START Supplied material

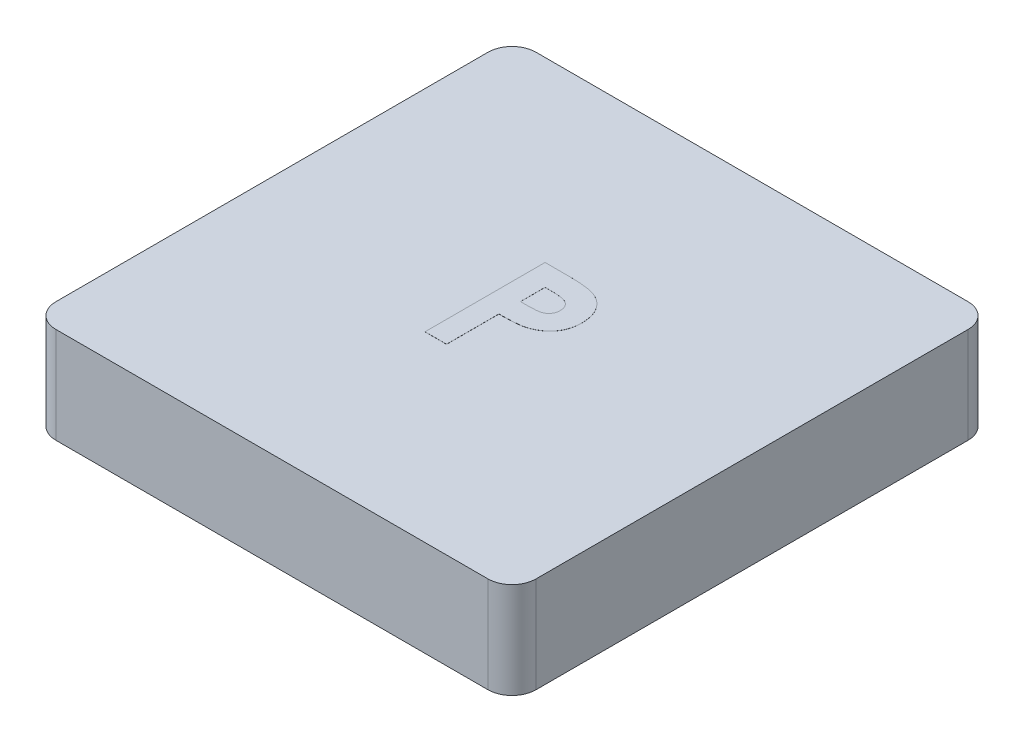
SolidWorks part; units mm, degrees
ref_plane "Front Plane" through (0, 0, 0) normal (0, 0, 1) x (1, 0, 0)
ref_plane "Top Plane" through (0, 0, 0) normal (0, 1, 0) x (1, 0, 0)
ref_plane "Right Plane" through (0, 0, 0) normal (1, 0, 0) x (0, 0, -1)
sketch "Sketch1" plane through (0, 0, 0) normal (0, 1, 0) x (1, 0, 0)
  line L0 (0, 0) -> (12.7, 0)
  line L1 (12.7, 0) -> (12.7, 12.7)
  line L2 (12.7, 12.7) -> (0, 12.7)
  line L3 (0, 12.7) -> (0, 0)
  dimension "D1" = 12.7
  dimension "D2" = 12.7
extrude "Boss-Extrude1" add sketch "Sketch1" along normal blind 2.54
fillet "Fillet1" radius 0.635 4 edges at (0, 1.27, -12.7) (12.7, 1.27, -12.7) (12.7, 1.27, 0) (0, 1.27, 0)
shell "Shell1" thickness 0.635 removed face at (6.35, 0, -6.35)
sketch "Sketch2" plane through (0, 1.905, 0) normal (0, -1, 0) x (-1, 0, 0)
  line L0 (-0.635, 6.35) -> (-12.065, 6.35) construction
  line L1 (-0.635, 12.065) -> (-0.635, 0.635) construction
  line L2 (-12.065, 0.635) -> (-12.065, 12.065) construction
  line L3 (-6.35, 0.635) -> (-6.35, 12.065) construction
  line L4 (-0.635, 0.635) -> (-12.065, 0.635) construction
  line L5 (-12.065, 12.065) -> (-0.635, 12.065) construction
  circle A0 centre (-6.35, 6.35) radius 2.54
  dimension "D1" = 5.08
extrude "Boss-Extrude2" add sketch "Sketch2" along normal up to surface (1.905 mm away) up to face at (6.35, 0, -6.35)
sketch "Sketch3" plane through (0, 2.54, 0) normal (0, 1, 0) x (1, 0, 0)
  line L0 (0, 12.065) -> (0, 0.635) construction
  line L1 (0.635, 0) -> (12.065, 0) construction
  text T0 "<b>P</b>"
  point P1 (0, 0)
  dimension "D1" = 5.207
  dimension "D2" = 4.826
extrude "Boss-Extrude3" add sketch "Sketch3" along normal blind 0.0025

END Supplied material

Exercise goal: Only lines containing the word "radius" should appear in the answer, and every such line from the records above must be there.

Reply:
fillet "Fillet1" radius 0.635 4 edges at (0, 1.27, -12.7) (12.7, 1.27, -12.7) (12.7, 1.27, 0) (0, 1.27, 0)
  circle A0 centre (-6.35, 6.35) radius 2.54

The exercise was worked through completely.